The text of Leibniz’s Monadology is not easy reading. It is a heavily logic-based analysis. The Internet Encyclopedia of Philosophy is one of many philosophy sites that discusses the document. There the point is clarified that:
Leibniz thus distinguishes four types of monads: humans, animals, plants, and matter. All have perceptions, in the sense that they have internal properties that “express” external relations; the first three have substantial forms, and thus appetition; the first two have memory; but only the first has reason (see Monadology §§18-19 & 29).
There is no formal correspondence between the Persig and Leibniz. But there are most certainly parallels. Leibniz’s appetitions, for example, as explained by the Stanford Encyclopedia of Philosophy are:
“tendencies from one perception to another” (Principles of Nature and Grace, sec.2 (1714)). Thus, we represent the world in our perceptions, and these representations are linked with an internal principle of activity and change (Monadology, sec.15 (1714)) which, in its expression in appetitions, urges us ever onward in the constantly changing flow of mental life. More technically explained, the principle of action, that is, the primitive force which is our essence, expresses itself in momentary derivative forces involving two aspects: on the one hand, there is a representative aspect (perception), by which that the many without are expressed within the one, the simple substance; on the other, there is a dynamical aspect, a tendency or striving towards new perceptions, which inclines us to change our representative state, to move towards new perceptions. (emphasis added)
I’ve been intrigued for some time by the view of reality Leibniz gave us and, to a large extent, because of its unmistakeable mathematical character. But I’ve also been captivated by how non-materialistic it is. Also from The Stanford Encyclopedia of Philosophy is this about Leibniz’s philosophy of mind.

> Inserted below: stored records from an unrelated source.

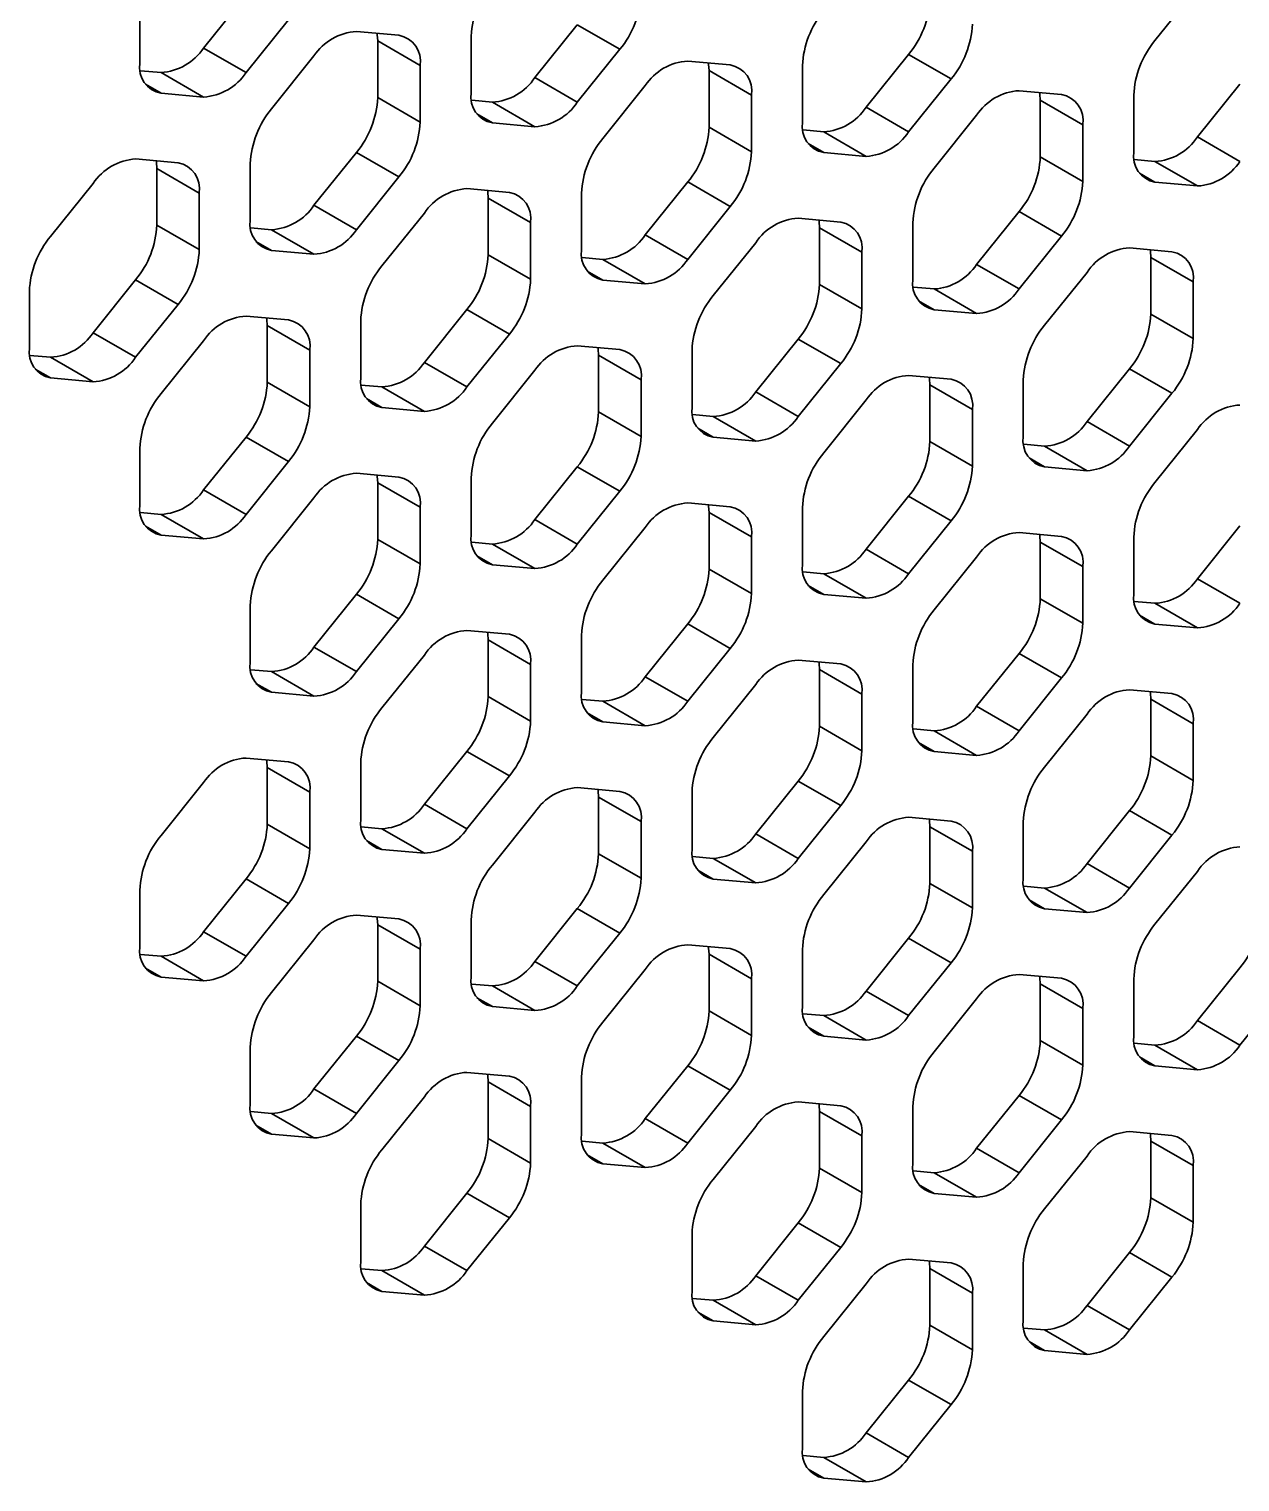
# Model space of a CAD drawing. Header units: millimetres. Extents: x 10 to 515, y -34 to 231.
# Drawn here: x 51.005 to 54.365, y 56.22 to 60.25 of the extents above; entities that cross this region are included whole.
import ezdxf

# ---------------------------------------------------------------- set-up
doc = ezdxf.new("R2010")
doc.units = ezdxf.units.MM

msp = doc.modelspace()

# ---------------------------------------------------------------- linework, layer by layer
at = {"color": 7, "linetype": 'Continuous', "lineweight": 35}
for p, q in [((51.606865, 60.34387), (51.489014, 60.197265)), ((54.24673, 60.364617), (54.128879, 60.218011)), ((51.312237, 60.312718), (51.312237, 60.155575)), ((51.606865, 60.129231), (51.724716, 60.275836)), ((52.526104, 60.261676), (52.408253, 60.115071)), ((52.526104, 60.261676), (52.643955, 60.193642)), ((52.031129, 60.232724), (51.913278, 60.243262)), ((51.972203, 60.216918), (52.090055, 60.148883)), ((51.972203, 60.216918), (51.972203, 60.059774)), ((52.231476, 60.230524), (52.231476, 60.073381)), ((51.489014, 60.197265), (51.606865, 60.129231)), ((51.795427, 60.175228), (51.677576, 60.028622)), ((52.526104, 60.047037), (52.643955, 60.193642)), ((53.445343, 60.179483), (53.327491, 60.032877)), ((53.445343, 60.179483), (53.563194, 60.111449)), ((51.371163, 60.129231), (51.313804, 60.134359)), ((52.090055, 59.99174), (52.090055, 60.148883)), ((52.950368, 60.15053), (52.832517, 60.161068)), ((52.891442, 60.134724), (53.009293, 60.06669)), ((52.891442, 60.134724), (52.891442, 59.97758)), ((53.150715, 60.148331), (53.150715, 59.991187)), ((51.371163, 60.129231), (51.489014, 60.061197)), ((52.408253, 60.115071), (52.526104, 60.047037)), ((52.714666, 60.093034), (52.596814, 59.946428)), ((53.445343, 59.964843), (53.563194, 60.111449)), ((54.364581, 60.097289), (54.24673, 59.950683)), ((51.371163, 60.071734), (51.489014, 60.061197)), ((51.972203, 60.059774), (52.090055, 59.99174)), ((52.290402, 60.047037), (52.233043, 60.052165)), ((53.009293, 59.909546), (53.009293, 60.06669)), ((53.869607, 60.068336), (53.751756, 60.078874)), ((53.810681, 60.05253), (53.928532, 59.984496)), ((53.810681, 60.05253), (53.810681, 59.895387)), ((54.069954, 60.066137), (54.069954, 59.908993)), ((52.290402, 60.047037), (52.408253, 59.979003)), ((53.327491, 60.032877), (53.445343, 59.964843)), ((53.633904, 60.01084), (53.516053, 59.864234)), ((52.290402, 59.98954), (52.408253, 59.979003)), ((52.891442, 59.97758), (53.009293, 59.909546)), ((53.20964, 59.964843), (53.152282, 59.969972)), ((53.928532, 59.827353), (53.928532, 59.984496)), ((53.20964, 59.964843), (53.327491, 59.896809)), ((54.24673, 59.950683), (54.364581, 59.882649)), ((51.418303, 59.878947), (51.300452, 59.889485)), ((51.913278, 59.9079), (51.795427, 59.761294)), ((51.913278, 59.9079), (52.031129, 59.839866)), ((53.20964, 59.907347), (53.327491, 59.896809)), ((53.810681, 59.895387), (53.928532, 59.827353)), ((51.359378, 59.863141), (51.477229, 59.795107)), ((51.359378, 59.863141), (51.359378, 59.705997)), ((51.61865, 59.876747), (51.61865, 59.719604)), ((54.128879, 59.882649), (54.071521, 59.887778)), ((54.128879, 59.882649), (54.24673, 59.814615)), ((51.182601, 59.821451), (51.06475, 59.674845)), ((51.913278, 59.69326), (52.031129, 59.839866)), ((52.832517, 59.825706), (52.714666, 59.6791)), ((52.832517, 59.825706), (52.950368, 59.757672)), ((54.128879, 59.825153), (54.24673, 59.814615)), ((51.477229, 59.637963), (51.477229, 59.795107)), ((52.337542, 59.796753), (52.219691, 59.807291)), ((52.278616, 59.780947), (52.396468, 59.712913)), ((52.278616, 59.780947), (52.278616, 59.623804)), ((52.537889, 59.794554), (52.537889, 59.63741)), ((51.795427, 59.761294), (51.913278, 59.69326)), ((52.10184, 59.739257), (51.983989, 59.592651)), ((52.832517, 59.611066), (52.950368, 59.757672)), ((53.751756, 59.743512), (53.633904, 59.596906)), ((53.751756, 59.743512), (53.869607, 59.675478)), ((51.359378, 59.705997), (51.477229, 59.637963)), ((51.677576, 59.69326), (51.620217, 59.698389)), ((51.677576, 59.69326), (51.795427, 59.625226)), ((52.396468, 59.555769), (52.396468, 59.712913)), ((53.256781, 59.71456), (53.13893, 59.725097)), ((53.197855, 59.698753), (53.315706, 59.630719)), ((53.197855, 59.698753), (53.197855, 59.54161)), ((53.457128, 59.71236), (53.457128, 59.555217)), ((52.714666, 59.6791), (52.832517, 59.611066)), ((53.021079, 59.657063), (52.903227, 59.510458)), ((53.751756, 59.528872), (53.869607, 59.675478)), ((51.677576, 59.635764), (51.795427, 59.625226)), ((52.278616, 59.623804), (52.396468, 59.555769)), ((52.596814, 59.611066), (52.539456, 59.616195)), ((52.596814, 59.611066), (52.714666, 59.543032)), ((53.315706, 59.473576), (53.315706, 59.630719)), ((54.17602, 59.632366), (54.058168, 59.642903)), ((54.117094, 59.616559), (54.234945, 59.548525)), ((54.117094, 59.616559), (54.117094, 59.459416)), ((53.633904, 59.596906), (53.751756, 59.528872)), ((53.940317, 59.574869), (53.822466, 59.428264)), ((51.300452, 59.554123), (51.182601, 59.407517)), ((51.300452, 59.554123), (51.418303, 59.486089)), ((52.596814, 59.55357), (52.714666, 59.543032)), ((53.197855, 59.54161), (53.315706, 59.473576)), ((53.516053, 59.528872), (53.458695, 59.534001)), ((53.516053, 59.528872), (53.633904, 59.460838)), ((54.234945, 59.391382), (54.234945, 59.548525)), ((51.005824, 59.522971), (51.005824, 59.365827)), ((51.300452, 59.339483), (51.418303, 59.486089)), ((51.724716, 59.442977), (51.606865, 59.453514)), ((52.219691, 59.471929), (52.10184, 59.325323)), ((52.219691, 59.471929), (52.337542, 59.403895)), ((53.516053, 59.471376), (53.633904, 59.460838)), ((54.117094, 59.459416), (54.234945, 59.391382)), ((51.182601, 59.407517), (51.300452, 59.339483)), ((51.665791, 59.42717), (51.783642, 59.359136)), ((51.665791, 59.42717), (51.665791, 59.270027)), ((51.925063, 59.440777), (51.925063, 59.283633)), ((51.489014, 59.38548), (51.371163, 59.238874)), ((52.219691, 59.257289), (52.337542, 59.403895)), ((52.643955, 59.360783), (52.526104, 59.37132)), ((53.13893, 59.389735), (53.021079, 59.243129)), ((53.13893, 59.389735), (53.256781, 59.321701)), ((51.06475, 59.339483), (51.007391, 59.344612)), ((51.06475, 59.339483), (51.182601, 59.271449)), ((51.783642, 59.201993), (51.783642, 59.359136)), ((52.10184, 59.325323), (52.219691, 59.257289)), ((52.585029, 59.344976), (52.70288, 59.276942)), ((52.585029, 59.344976), (52.585029, 59.187833)), ((52.844302, 59.358583), (52.844302, 59.20144)), ((52.408253, 59.303286), (52.290402, 59.156681)), ((53.13893, 59.175095), (53.256781, 59.321701)), ((53.563194, 59.278589), (53.445343, 59.289127)), ((54.058168, 59.307541), (53.940317, 59.160936)), ((54.058168, 59.307541), (54.17602, 59.239507)), ((51.06475, 59.281987), (51.182601, 59.271449)), ((51.665791, 59.270027), (51.783642, 59.201993)), ((51.983989, 59.257289), (51.92663, 59.262418)), ((51.983989, 59.257289), (52.10184, 59.189255)), ((52.70288, 59.119799), (52.70288, 59.276942)), ((53.504268, 59.262782), (53.622119, 59.194748)), ((53.504268, 59.262782), (53.504268, 59.105639)), ((53.763541, 59.276389), (53.763541, 59.119246)), ((53.021079, 59.243129), (53.13893, 59.175095)), ((53.327491, 59.221093), (53.20964, 59.074487)), ((54.058168, 59.092902), (54.17602, 59.239507)), ((51.983989, 59.199793), (52.10184, 59.189255)), ((52.585029, 59.187833), (52.70288, 59.119799)), ((52.903227, 59.175095), (52.845869, 59.180224)), ((52.903227, 59.175095), (53.021079, 59.107061)), ((53.622119, 59.037605), (53.622119, 59.194748)), ((53.940317, 59.160936), (54.058168, 59.092902)), ((54.24673, 59.138899), (54.128879, 58.992293)), ((51.312237, 59.087), (51.312237, 58.929857)), ((51.606865, 59.118152), (51.489014, 58.971546)), ((51.606865, 59.118152), (51.724716, 59.050118)), ((52.903227, 59.117599), (53.021079, 59.107061)), ((53.504268, 59.105639), (53.622119, 59.037605)), ((53.822466, 59.092902), (53.765108, 59.09803)), ((53.822466, 59.092902), (53.940317, 59.024868)), ((51.606865, 58.903512), (51.724716, 59.050118)), ((52.031129, 59.007006), (51.913278, 59.017544)), ((52.231476, 59.004806), (52.231476, 58.847663)), ((52.526104, 59.035958), (52.408253, 58.889353)), ((52.526104, 59.035958), (52.643955, 58.967924)), ((53.822466, 59.035405), (53.940317, 59.024868)), ((51.489014, 58.971546), (51.606865, 58.903512)), ((51.972203, 58.991199), (52.090055, 58.923165)), ((51.972203, 58.991199), (51.972203, 58.834056)), ((52.526104, 58.821319), (52.643955, 58.967924)), ((51.795427, 58.94951), (51.677576, 58.802904)), ((52.090055, 58.766022), (52.090055, 58.923165)), ((52.950368, 58.924812), (52.832517, 58.93535)), ((53.150715, 58.922612), (53.150715, 58.765469)), ((53.445343, 58.953765), (53.327491, 58.807159)), ((53.445343, 58.953765), (53.563194, 58.885731)), ((51.371163, 58.903512), (51.313804, 58.908641)), ((51.371163, 58.903512), (51.489014, 58.835478)), ((52.408253, 58.889353), (52.526104, 58.821319)), ((52.891442, 58.909006), (53.009293, 58.840972)), ((52.891442, 58.909006), (52.891442, 58.751862)), ((53.445343, 58.739125), (53.563194, 58.885731)), ((51.371163, 58.846016), (51.489014, 58.835478)), ((52.714666, 58.867316), (52.596814, 58.72071)), ((53.869607, 58.842618), (53.751756, 58.853156)), ((54.364581, 58.871571), (54.24673, 58.724965)), ((51.972203, 58.834056), (52.090055, 58.766022)), ((52.290402, 58.821319), (52.233043, 58.826447)), ((52.290402, 58.821319), (52.408253, 58.753285)), ((53.009293, 58.683828), (53.009293, 58.840972)), ((53.327491, 58.807159), (53.445343, 58.739125)), ((53.810681, 58.826812), (53.928532, 58.758778)), ((53.810681, 58.826812), (53.810681, 58.669668)), ((54.069954, 58.840419), (54.069954, 58.683275)), ((52.290402, 58.763822), (52.408253, 58.753285)), ((53.633904, 58.785122), (53.516053, 58.638516)), ((52.891442, 58.751862), (53.009293, 58.683828)), ((53.20964, 58.739125), (53.152282, 58.744254)), ((53.20964, 58.739125), (53.327491, 58.671091)), ((53.928532, 58.601634), (53.928532, 58.758778)), ((54.24673, 58.724965), (54.364581, 58.656931)), ((51.913278, 58.682181), (51.795427, 58.535576)), ((51.913278, 58.682181), (52.031129, 58.614147)), ((53.20964, 58.681628), (53.327491, 58.671091)), ((51.61865, 58.651029), (51.61865, 58.493886)), ((53.810681, 58.669668), (53.928532, 58.601634)), ((54.128879, 58.656931), (54.071521, 58.66206)), ((54.128879, 58.656931), (54.24673, 58.588897)), ((51.913278, 58.467542), (52.031129, 58.614147)), ((52.832517, 58.599988), (52.714666, 58.453382)), ((52.832517, 58.599988), (52.950368, 58.531954)), ((54.128879, 58.599435), (54.24673, 58.588897)), ((52.337542, 58.571035), (52.219691, 58.581573)), ((52.537889, 58.568836), (52.537889, 58.411692)), ((51.795427, 58.535576), (51.913278, 58.467542)), ((52.278616, 58.555229), (52.396468, 58.487195)), ((52.278616, 58.555229), (52.278616, 58.398085)), ((52.832517, 58.385348), (52.950368, 58.531954)), ((52.10184, 58.513539), (51.983989, 58.366933)), ((52.396468, 58.330051), (52.396468, 58.487195)), ((53.256781, 58.488841), (53.13893, 58.499379)), ((53.457128, 58.486642), (53.457128, 58.329498)), ((53.751756, 58.517794), (53.633904, 58.371188)), ((53.751756, 58.517794), (53.869607, 58.44976)), ((51.677576, 58.467542), (51.620217, 58.47267)), ((51.677576, 58.467542), (51.795427, 58.399508)), ((52.714666, 58.453382), (52.832517, 58.385348)), ((53.197855, 58.473035), (53.315706, 58.405001)), ((53.197855, 58.473035), (53.197855, 58.315892)), ((53.751756, 58.303154), (53.869607, 58.44976)), ((51.677576, 58.410045), (51.795427, 58.399508)), ((52.278616, 58.398085), (52.396468, 58.330051)), ((53.021079, 58.431345), (52.903227, 58.284739)), ((53.315706, 58.247858), (53.315706, 58.405001)), ((54.17602, 58.406648), (54.058168, 58.417185)), ((52.596814, 58.385348), (52.539456, 58.390477)), ((52.596814, 58.385348), (52.714666, 58.317314)), ((53.633904, 58.371188), (53.751756, 58.303154)), ((54.117094, 58.390841), (54.234945, 58.322807)), ((54.117094, 58.390841), (54.117094, 58.233698)), ((52.596814, 58.327852), (52.714666, 58.317314)), ((53.940317, 58.349151), (53.822466, 58.202546)), ((54.234945, 58.165664), (54.234945, 58.322807)), ((53.197855, 58.315892), (53.315706, 58.247858)), ((53.516053, 58.303154), (53.458695, 58.308283)), ((53.516053, 58.303154), (53.633904, 58.23512)), ((52.219691, 58.246211), (52.10184, 58.099605)), ((52.219691, 58.246211), (52.337542, 58.178177)), ((53.516053, 58.245658), (53.633904, 58.23512)), ((51.724716, 58.217258), (51.606865, 58.227796)), ((51.665791, 58.201452), (51.783642, 58.133418)), ((51.665791, 58.201452), (51.665791, 58.044309)), ((51.925063, 58.215059), (51.925063, 58.057915)), ((54.117094, 58.233698), (54.234945, 58.165664)), ((51.489014, 58.159762), (51.371163, 58.013156)), ((52.219691, 58.031571), (52.337542, 58.178177)), ((53.13893, 58.164017), (53.021079, 58.017411)), ((53.13893, 58.164017), (53.256781, 58.095983)), ((51.783642, 57.976274), (51.783642, 58.133418)), ((52.643955, 58.135065), (52.526104, 58.145602)), ((52.585029, 58.119258), (52.70288, 58.051224)), ((52.585029, 58.119258), (52.585029, 57.962115)), ((52.844302, 58.132865), (52.844302, 57.975722)), ((52.10184, 58.099605), (52.219691, 58.031571)), ((52.408253, 58.077568), (52.290402, 57.930963)), ((53.13893, 57.949377), (53.256781, 58.095983)), ((54.058168, 58.081823), (53.940317, 57.935218)), ((54.058168, 58.081823), (54.17602, 58.013789)), ((51.665791, 58.044309), (51.783642, 57.976274)), ((51.983989, 58.031571), (51.92663, 58.0367)), ((52.70288, 57.894081), (52.70288, 58.051224)), ((53.563194, 58.052871), (53.445343, 58.063408)), ((53.504268, 58.037064), (53.622119, 57.96903)), ((53.504268, 58.037064), (53.504268, 57.879921)), ((53.763541, 58.050671), (53.763541, 57.893528)), ((51.983989, 58.031571), (52.10184, 57.963537)), ((53.021079, 58.017411), (53.13893, 57.949377)), ((53.327491, 57.995374), (53.20964, 57.848769)), ((54.058168, 57.867184), (54.17602, 58.013789)), ((51.983989, 57.974075), (52.10184, 57.963537)), ((52.585029, 57.962115), (52.70288, 57.894081)), ((53.622119, 57.811887), (53.622119, 57.96903)), ((52.903227, 57.949377), (52.845869, 57.954506)), ((52.903227, 57.949377), (53.021079, 57.881343)), ((53.940317, 57.935218), (54.058168, 57.867184)), ((51.606865, 57.892434), (51.489014, 57.745828)), ((51.606865, 57.892434), (51.724716, 57.8244)), ((52.903227, 57.891881), (53.021079, 57.881343)), ((53.504268, 57.879921), (53.622119, 57.811887)), ((54.24673, 57.913181), (54.128879, 57.766575)), ((51.312237, 57.861282), (51.312237, 57.704138)), ((53.822466, 57.867184), (53.765108, 57.872312)), ((53.822466, 57.867184), (53.940317, 57.79915)), ((51.606865, 57.677794), (51.724716, 57.8244)), ((52.526104, 57.81024), (52.408253, 57.663634)), ((52.526104, 57.81024), (52.643955, 57.742206)), ((53.822466, 57.809687), (53.940317, 57.79915)), ((52.031129, 57.781288), (51.913278, 57.791825)), ((51.972203, 57.765481), (52.090055, 57.697447)), ((51.972203, 57.765481), (51.972203, 57.608338)), ((52.231476, 57.779088), (52.231476, 57.621945)), ((51.489014, 57.745828), (51.606865, 57.677794)), ((51.795427, 57.723791), (51.677576, 57.577186)), ((52.526104, 57.5956), (52.643955, 57.742206)), ((53.445343, 57.728046), (53.327491, 57.581441)), ((53.445343, 57.728046), (53.563194, 57.660012)), ((51.371163, 57.677794), (51.313804, 57.682923)), ((51.371163, 57.677794), (51.489014, 57.60976)), ((52.090055, 57.540304), (52.090055, 57.697447)), ((52.950368, 57.699094), (52.832517, 57.709632)), ((52.891442, 57.683287), (53.009293, 57.615253)), ((52.891442, 57.683287), (52.891442, 57.526144)), ((53.150715, 57.696894), (53.150715, 57.539751)), ((52.408253, 57.663634), (52.526104, 57.5956)), ((52.714666, 57.641598), (52.596814, 57.494992)), ((53.445343, 57.513407), (53.563194, 57.660012)), ((54.364581, 57.645853), (54.24673, 57.499247)), ((51.371163, 57.620298), (51.489014, 57.60976)), ((51.972203, 57.608338), (52.090055, 57.540304)), ((52.290402, 57.5956), (52.233043, 57.600729)), ((52.290402, 57.5956), (52.408253, 57.527566)), ((53.009293, 57.45811), (53.009293, 57.615253)), ((53.869607, 57.6169), (53.751756, 57.627438)), ((53.810681, 57.601094), (53.928532, 57.53306)), ((53.810681, 57.601094), (53.810681, 57.44395)), ((54.069954, 57.6147), (54.069954, 57.457557)), ((53.327491, 57.581441), (53.445343, 57.513407)), ((53.633904, 57.559404), (53.516053, 57.412798)), ((54.364581, 57.431213), (54.482433, 57.577819)), ((52.290402, 57.538104), (52.408253, 57.527566)), ((52.891442, 57.526144), (53.009293, 57.45811)), ((53.20964, 57.513407), (53.152282, 57.518535)), ((53.20964, 57.513407), (53.327491, 57.445373)), ((53.928532, 57.375916), (53.928532, 57.53306)), ((54.24673, 57.499247), (54.364581, 57.431213)), ((51.913278, 57.456463), (51.795427, 57.309858)), ((51.913278, 57.456463), (52.031129, 57.388429)), ((53.20964, 57.45591), (53.327491, 57.445373)), ((53.810681, 57.44395), (53.928532, 57.375916)), ((54.128879, 57.431213), (54.071521, 57.436342)), ((54.128879, 57.431213), (54.24673, 57.363179)), ((51.61865, 57.425311), (51.61865, 57.268168)), ((51.913278, 57.241824), (52.031129, 57.388429)), ((52.337542, 57.345317), (52.219691, 57.355855)), ((52.832517, 57.37427), (52.714666, 57.227664)), ((52.832517, 57.37427), (52.950368, 57.306236)), ((54.128879, 57.373717), (54.24673, 57.363179)), ((51.795427, 57.309858), (51.913278, 57.241824)), ((52.278616, 57.329511), (52.396468, 57.261477)), ((52.278616, 57.329511), (52.278616, 57.172367)), ((52.537889, 57.343117), (52.537889, 57.185974)), ((52.10184, 57.287821), (51.983989, 57.141215)), ((52.832517, 57.15963), (52.950368, 57.306236)), ((53.256781, 57.263123), (53.13893, 57.273661)), ((53.751756, 57.292076), (53.633904, 57.14547)), ((53.751756, 57.292076), (53.869607, 57.224042)), ((51.677576, 57.241824), (51.620217, 57.246952)), ((51.677576, 57.241824), (51.795427, 57.17379)), ((52.396468, 57.104333), (52.396468, 57.261477)), ((53.197855, 57.247317), (53.315706, 57.179283)), ((53.197855, 57.247317), (53.197855, 57.090173)), ((53.457128, 57.260924), (53.457128, 57.10378)), ((52.714666, 57.227664), (52.832517, 57.15963)), ((53.021079, 57.205627), (52.903227, 57.059021)), ((53.751756, 57.077436), (53.869607, 57.224042)), ((54.17602, 57.180929), (54.058168, 57.191467)), ((51.677576, 57.184327), (51.795427, 57.17379)), ((52.278616, 57.172367), (52.396468, 57.104333)), ((52.596814, 57.15963), (52.539456, 57.164759)), ((52.596814, 57.15963), (52.714666, 57.091596)), ((53.315706, 57.022139), (53.315706, 57.179283)), ((54.117094, 57.165123), (54.234945, 57.097089)), ((54.117094, 57.165123), (54.117094, 57.00798)), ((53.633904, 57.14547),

In short, Leibniz stands in a special position with respect to the history of views concerning thought and its relationship to matter. He rejects the materialist position that thought and consciousness can be captured by purely mechanical principles. But he also rejects the dualist position that the universe must therefore be bifurcated into two different kinds of substance, thinking substance, and material substance. Rather, it is his view that the world consists solely of one type of substance, though there are infinitely many substances of that type. These substances are partless, unextended entities, some of which are endowed with thought and consciousness, and others of which found the phenomenality of the corporeal world. The sum of these views secures Leibniz a distinctive position in the history of the philosophy of mind.
I thought it worthwhile to bring these ideas up again in the context of Jason Scott Nicholson’s response to Wigner.
Yes. Thank you.
wonderful correspondences
thanks
i am approaching the third movement of my book
and will be using this 🙂
combined with buddhist skanda’s
and in the context of emergent levels
would you like to be mentioned by name?